Data section below:
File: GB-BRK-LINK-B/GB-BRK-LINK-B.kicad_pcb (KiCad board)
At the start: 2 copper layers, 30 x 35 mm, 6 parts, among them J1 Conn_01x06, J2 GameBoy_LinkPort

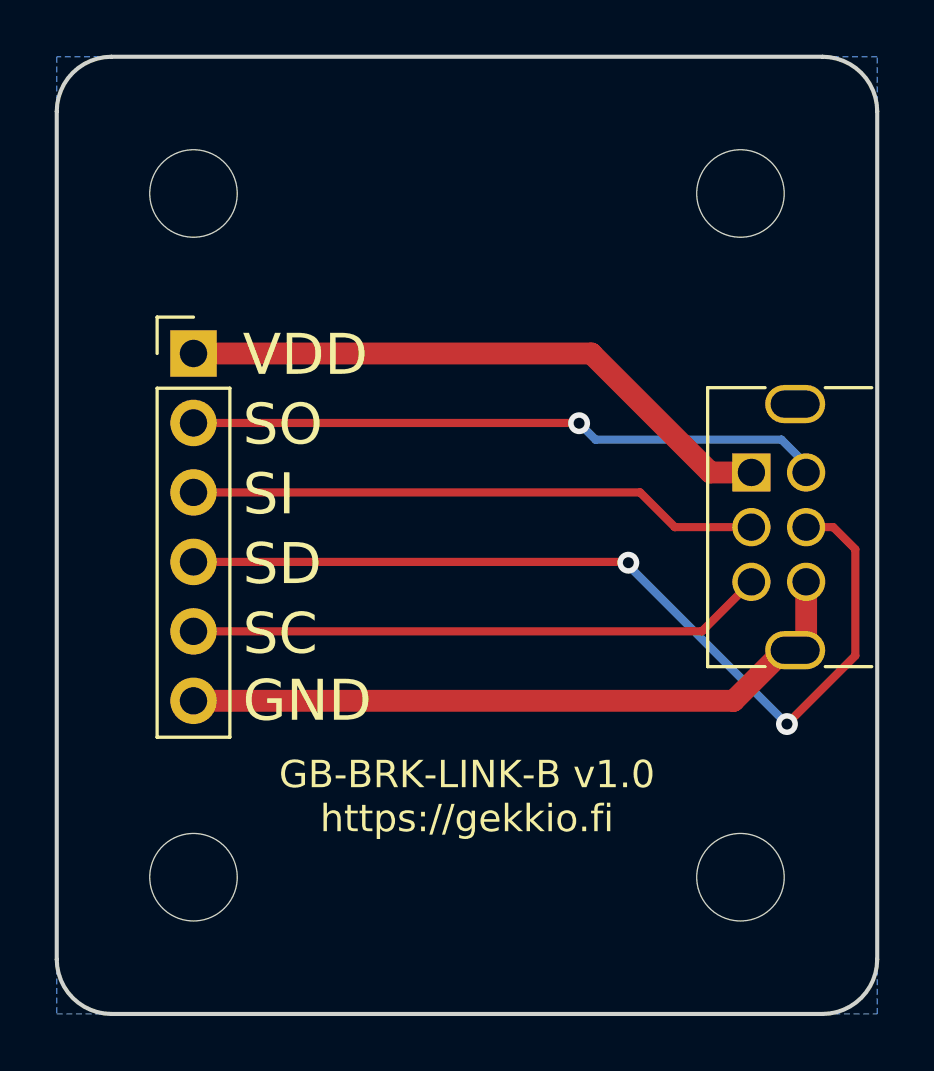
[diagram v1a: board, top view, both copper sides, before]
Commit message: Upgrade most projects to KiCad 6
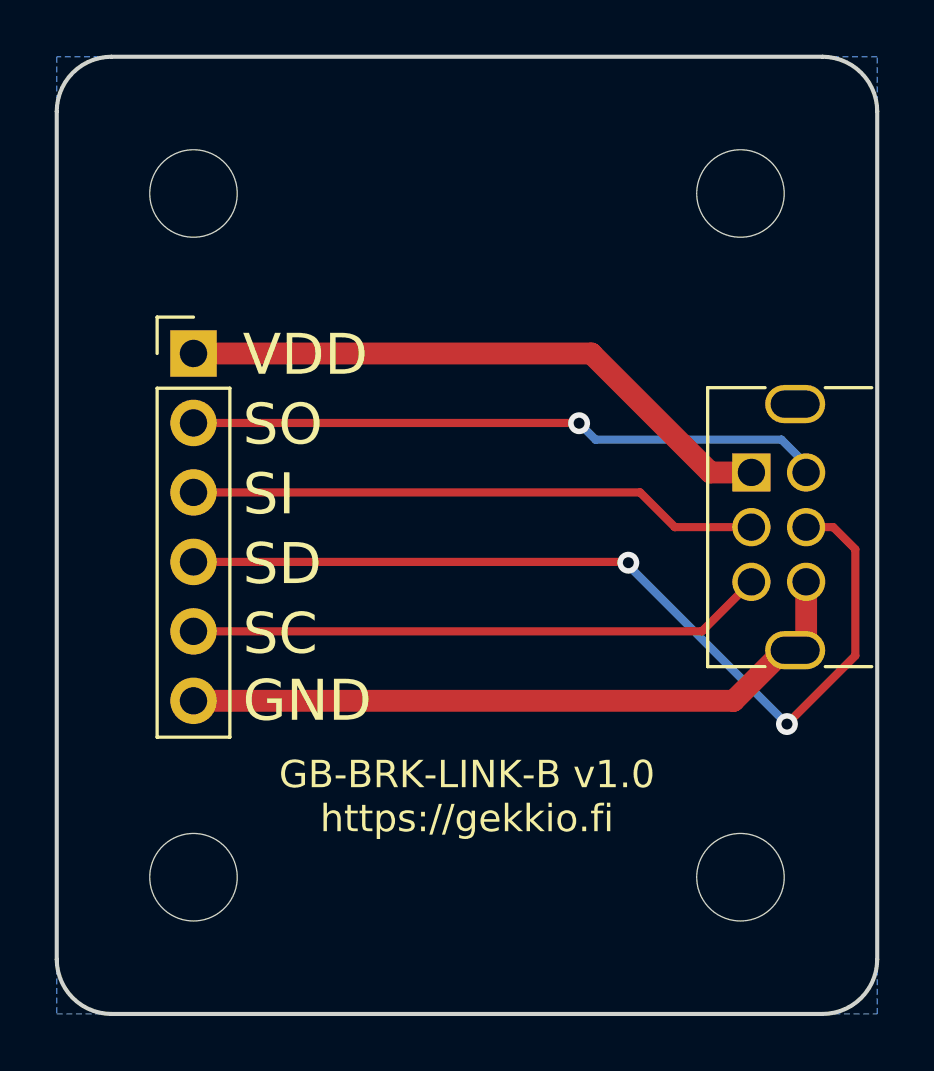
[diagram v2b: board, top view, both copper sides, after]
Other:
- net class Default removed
End of Data section.
- _What to produce_:
Pictures are to be left out. Otherwise, copy the material above exactly.

- _Task response_:
File: GB-BRK-LINK-B/GB-BRK-LINK-B.kicad_pcb (KiCad board)
At the start: 2 copper layers, 30 x 35 mm, 6 parts, among them J1 Conn_01x06, J2 GameBoy_LinkPort

[diagram v1a: board, top view, both copper sides, before]
Commit message: Upgrade most projects to KiCad 6
[diagram v2b: board, top view, both copper sides, after]
Other:
- net class Default removed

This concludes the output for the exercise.